= WHAT IS REQUIRED =
Look through the material below. Copy each line that contains the string "ゴシック".

= INPUT DATA =
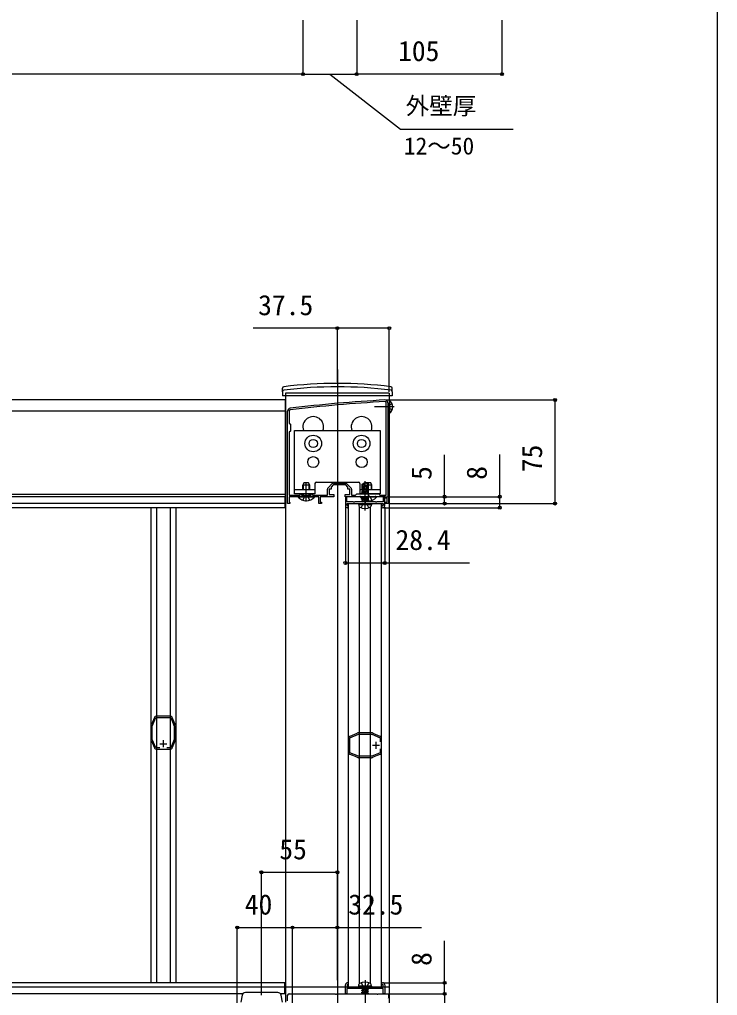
# Model space of a CAD drawing. Units: millimetres, scale not verified. Extents: x -875 to 875, y -1305 to 1298.
# Drawn here: x 370 to 875, y -691 to 16 of the extents above; entities that cross this region are included whole.
import ezdxf
from ezdxf.enums import TextEntityAlignment as Align

# ---------------------------------------------------------------- set-up
doc = ezdxf.new("R2010")
doc.units = ezdxf.units.MM
doc.header["$LTSCALE"] = 8
for name, color, linetype in [('0-2_YKK_11', 7, 'Continuous'), ('0-3_YKK_11E', 7, 'Continuous'), ('0-4_YKK_12', 2, 'Continuous'), ('0-5_YKK_13', 4, 'Continuous'), ('0-6_YKK_D', 6, 'Continuous'), ('0-7_YKK_ZWAK', 7, 'Continuous')]:
    doc.layers.add(name, color=color, linetype=linetype)
doc.styles.add('ＭＳ ゴシック', font='')
doc.styles.get('ＭＳ ゴシック').set_extended_font_data('MS Gothic')

msp = doc.modelspace()

# ---------------------------------------------------------------- linework, layer by layer
at = {"layer": '0-2_YKK_11'}
for p, q in [((635.3, -328.7), (635.3, -261.9)), ((593.239, -323.464), (596.064, -320.639)), ((597.124, -320.2), (605.876, -320.2)), ((606.936, -320.639), (609.761, -323.464))]:
    msp.add_line(p, q, dxfattribs=at)
for points in [[(597.5, -329.9), (587.5, -329.9), (587.5, -333.9), (588.5, -333.9), (588.5, -334.9), (586.5, -334.9), (586.5, -329.9), (577.958, -329.9), (577.775, -329.78), (577.225, -329.78), (577.042, -329.9), (565, -329.9), (565, -333.608), (565.25, -333.904), (565.5, -334.2), (565.5, -334.9), (564, -334.9), (564, -267.9)], [(565.2, -267.9), (565.2, -276.6), (566, -277.4), (566, -282.4), (565.2, -283.2), (565.2, -328.7), (573.1, -328.7), (573.1, -327.9), (574, -327.9), (574, -328.7), (581, -328.7), (581, -327.9), (581.9, -327.9), (581.9, -328.7), (592.8, -328.7), (592.8, -324.524)], [(636.5, -261.9), (636.5, -329.4), (637, -329.9), (637, -334.9), (634.5, -334.9), (634.5, -333.9), (636, -333.9), (636, -330.9), (634.5, -330.9), (634.5, -329.9), (627.958, -329.9), (627.775, -329.78), (627.225, -329.78), (627.042, -329.9), (622.958, -329.9), (622.775, -329.78), (622.225, -329.78), (622.042, -329.9), (616.958, -329.9), (616.775, -329.78), (616.225, -329.78), (616.042, -329.9), (605.5, -329.9), (605.5, -328.4), (609, -328.4), (609, -324.4), (607.5, -324.4), (607.5, -322.9), (606, -321.4), (601.958, -321.4), (601.775, -321.28), (601.225, -321.28), (601.042, -321.4), (597, -321.4), (595.5, -322.9), (595.5, -324.4), (594, -324.4), (594, -328.4), (597.5, -328.4), (597.5, -329.9)], [(610.2, -324.524), (610.2, -328.7), (613.2, -328.7), (614, -327.9), (630, -327.9), (630.8, -328.7), (635.3, -328.7)], [(634.2, -336.4), (634.2, -329.9), (633.2, -329.9), (633.2, -333.7), (628.52, -333.7), (628.26, -333.85), (627.74, -333.85), (627.48, -333.7), (620.52, -333.7), (620.26, -333.85), (620, -334), (619.74, -333.85), (619.48, -333.7), (612.52, -333.7), (612.26, -333.85), (611.74, -333.85), (611.48, -333.7), (606.8, -333.7), (606.8, -329.9), (605.8, -329.9), (605.8, -336.4)], [(607, -334.9), (620, -334.9), (633, -334.9), (633, -336.4), (632.2, -336.4), (632.2, -337.4), (632.7, -337.9)], [(607.3, -337.9), (607.8, -337.4), (607.8, -336.4), (607, -336.4), (607, -334.9)], [(634.2, -683.4), (634.2, -689.9), (633.2, -689.9), (633.2, -686.1), (628.52, -686.1), (628.26, -685.95), (627.74, -685.95), (627.48, -686.1), (620.52, -686.1), (620.26, -685.95), (620, -685.8), (619.74, -685.95), (619.48, -686.1), (612.52, -686.1), (612.26, -685.95), (611.74, -685.95), (611.48, -686.1), (606.8, -686.1), (606.8, -689.9), (605.8, -689.9), (605.8, -683.4)], [(607, -684.9), (620, -684.9), (633, -684.9), (633, -683.4), (632.2, -683.4), (632.2, -682.4), (632.7, -681.9)], [(607.3, -681.9), (607.8, -682.4), (607.8, -683.4), (607, -683.4), (607, -684.9)], [(564, -694.9), (564, -690.9)], [(565, -689.9), (598.542, -689.9), (598.725, -690.02), (599.275, -690.02), (599.458, -689.9), (619.542, -689.9), (619.725, -690.02), (620.275, -690.02), (620.458, -689.9), (628.542, -689.9), (628.725, -690.02), (629.275, -690.02), (629.458, -689.9), (637, -689.9), (637, -692.9), (636.7, -693.2)]]:
    msp.add_lwpolyline(points, dxfattribs=at)
for centre, radius, start, end in [((687.281, -1258.499), 999.996, 93.03159, 96.98007), ((687.281, -1258.499), 998.796, 93.03159, 96.98007), ((634.5, -261.9), 2, 359.99999, 93.0316), ((634.5, -261.9), 0.8, 359.99999, 93.03161), ((566, -267.9), 2, 96.98007, 179.99999), ((566, -267.9), 0.8, 96.98007, 179.99999), ((594.3, -324.524), 1.5, 134.99999, 179.99998), ((597.124, -321.7), 1.5, 90.00002, 135.00001), ((605.876, -321.7), 1.5, 44.99999, 89.99998), ((608.7, -324.524), 1.5, 0.00002, 45.00001), ((607.3, -336.4), 1.5, 180.00001, 269.99999), ((632.7, -336.4), 1.5, 270.00001, 359.99999), ((607.3, -683.4), 1.5, 90.00001, 179.99999), ((632.7, -683.4), 1.5, 0.00001, 89.99999), ((565, -690.9), 1, 90.00001, 179.99999)]:
    msp.add_arc(centre, radius, start, end, dxfattribs=at)
at = {"layer": '0-3_YKK_11E'}
for p, q in [((471.5, -508.8), (476.5, -508.8)), ((474, -506.3), (474, -511.3)), ((628.007, -512.4), (628.007, -507.4)), ((625.507, -509.9), (630.507, -509.9))]:
    msp.add_line(p, q, dxfattribs=at)
for points in [[(467.613, -489.583), (467.597, -489.738), (467.591, -489.875), (465.512, -494.819), (465.415, -494.921), (465.317, -495.024), (465.117, -495.501)], [(471.41, -511.8), (468.598, -511.8), (466, -505.618), (466, -495.982), (468.556, -489.9), (479.444, -489.9), (482, -495.981), (482, -505.618), (479.402, -511.8), (476.59, -511.8)], [(478.943, -488.9), (469.057, -488.9), (468.929, -488.853), (468.78, -488.808)], [(479.22, -488.808), (479.072, -488.853), (478.943, -488.9)], [(482.883, -495.501), (482.683, -495.024), (482.585, -494.921), (482.488, -494.819), (480.409, -489.875), (480.403, -489.738), (480.388, -489.583)], [(465, -496.082), (465, -496.6), (465.05, -496.732), (465.1, -496.865), (465.1, -504.735), (465.05, -504.868), (465, -505), (465, -505.518)], [(483, -505.518), (483, -505), (482.95, -504.868), (482.9, -504.735), (482.9, -496.865), (482.95, -496.732), (483, -496.6), (483, -496.082)], [(614.707, -501.017), (614.23, -501.217), (614.128, -501.315), (614.025, -501.412), (609.082, -503.491), (608.945, -503.497), (608.789, -503.513)], [(624.724, -500.9), (624.206, -500.9), (624.074, -500.95), (623.942, -501), (616.071, -501), (615.939, -500.95), (615.806, -500.9), (615.288, -500.9)], [(631.223, -503.512), (631.068, -503.497), (630.931, -503.491), (625.988, -501.412), (625.885, -501.315), (625.782, -501.217), (625.305, -501.017)], [(465.117, -506.099), (465.317, -506.576), (465.415, -506.679), (465.512, -506.781), (467.591, -511.725), (467.597, -511.862), (467.612, -512.017)], [(480.388, -512.017), (480.403, -511.862), (480.409, -511.725), (482.488, -506.781), (482.585, -506.679), (482.683, -506.576), (482.883, -506.099)], [(608.014, -504.68), (608.06, -504.829), (608.106, -504.957)], [(608.106, -504.957), (608.106, -514.843), (608.06, -514.971), (608.014, -515.12)], [(631.006, -512.49), (631.007, -515.302), (624.824, -517.9), (615.188, -517.9), (609.106, -515.344), (609.106, -504.456), (615.188, -501.9), (624.825, -501.9), (631.006, -504.498), (631.006, -507.31)], [(631.999, -515.12), (631.953, -514.971), (631.906, -514.843), (631.906, -504.957), (631.953, -504.829), (631.999, -504.68)], [(468.78, -512.793), (468.929, -512.747), (469.057, -512.7), (478.943, -512.7), (479.071, -512.747), (479.22, -512.793)], [(608.789, -516.288), (608.945, -516.303), (609.082, -516.309), (614.025, -518.388), (614.128, -518.485), (614.23, -518.583), (614.707, -518.783)], [(615.288, -518.9), (615.806, -518.9), (615.939, -518.85), (616.071, -518.8), (623.942, -518.8), (624.074, -518.85), (624.206, -518.9), (624.724, -518.9)], [(625.305, -518.783), (625.782, -518.583), (625.885, -518.485), (625.987, -518.388), (630.931, -516.309), (631.068, -516.303), (631.223, -516.288)]]:
    msp.add_lwpolyline(points, dxfattribs=at)
for centre, start, end in [((468.93, -490.3), 95.73921, 151.44435), ((479.07, -490.3), 28.55562, 84.26075), ((466.5, -496.082), 157.21229, 180.00002), ((481.5, -496.082), 359.99994, 22.78745), ((615.288, -502.4), 89.99994, 112.78745), ((624.724, -502.4), 67.21227, 90), ((466.5, -505.518), 179.99992, 202.78766), ((481.5, -505.518), 337.21227, 0), ((609.506, -504.83), 118.55562, 174.26075), ((630.506, -504.83), 5.73917, 61.44408), ((468.93, -511.3), 208.55653, 264.26086), ((479.07, -511.3), 275.73917, 331.44408), ((609.506, -514.97), 185.73921, 241.44435), ((630.506, -514.97), 298.55653, 354.26086), ((615.288, -517.4), 247.21229, 270.00002), ((624.724, -517.4), 269.99992, 292.78766)]:
    msp.add_arc(centre, 1.5, start, end, dxfattribs=at)
at = {"layer": '0-4_YKK_12'}
for p, q in [((600, -237.9), (600, -891.9)), ((562.5, -259.903), (-362.5, -259.903)), ((637.5, -254.9), (562.5, -254.9)), ((562.5, -254.9), (562.5, -256.9)), ((562.5, -256.9), (562.5, -695.9)), ((562.5, -334.903), (562.5, -259.903)), ((637.5, -254.9), (637.5, -256.9)), ((637.5, -256.9), (637.5, -874.9)), ((562.5, -267.903), (-362.5, -267.903)), ((562.5, -328.403), (-362.5, -328.403)), ((562.5, -329.903), (-362.5, -329.903)), ((562, -329.9), (151.5, -329.9)), ((562.5, -334.903), (-362.5, -334.903)), ((562, -337.9), (151.5, -337.9)), ((465, -337.9), (465, -681.9)), ((469.057, -337.9), (469.057, -681.9)), ((478.943, -337.9), (478.943, -681.9)), ((483, -337.9), (483, -681.9)), ((608, -684.9), (608, -334.9)), ((608, -334.9), (632, -334.9)), ((615.965, -682.533), (615.965, -337.267)), ((623.835, -682.4), (623.835, -337.4)), ((632, -684.9), (632, -334.9)), ((-655.356, -684.9), (637.5, -684.9)), ((562, -681.9), (115.5, -681.9)), ((562, -689.9), (562, -681.9)), ((608, -684.9), (632, -684.9)), ((531.482, -689.9), (-331.832, -689.9)), ((531.482, -689.9), (115.5, -689.9)), ((562, -689.9), (558.818, -689.9)), ((562.5, -689.9), (558.818, -689.9)), ((562.5, -689.9), (562.5, -695.9))]:
    msp.add_line(p, q, dxfattribs=at)
msp.add_lwpolyline([(562, -329.9), (562, -334.9), (562, -337.9)], dxfattribs=at)
for centre in [(582.5, -279.4), (617.5, -279.4)]:
    msp.add_arc(centre, 7.5, 340.52879, 199.47121, dxfattribs=at)
at = {"layer": '0-5_YKK_13'}
for p, q in [((560.3, -253.9), (560.347, -251.233)), ((560.3, -253.9), (560.352, -256.9)), ((639.7, -253.9), (639.648, -256.9)), ((639.7, -253.9), (639.653, -251.233)), ((639.648, -256.9), (560.352, -256.9)), ((637.5, -260.15), (637.5, -269.65)), ((637.727, -260.15), (637.5, -260.15)), ((637.727, -260.15), (637.727, -269.65)), ((641, -264.9), (626.946, -264.9)), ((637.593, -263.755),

= ANSWER SECTION =
doc.styles.add('ＭＳ ゴシック', font='')
doc.styles.get('ＭＳ ゴシック').set_extended_font_data('MS Gothic')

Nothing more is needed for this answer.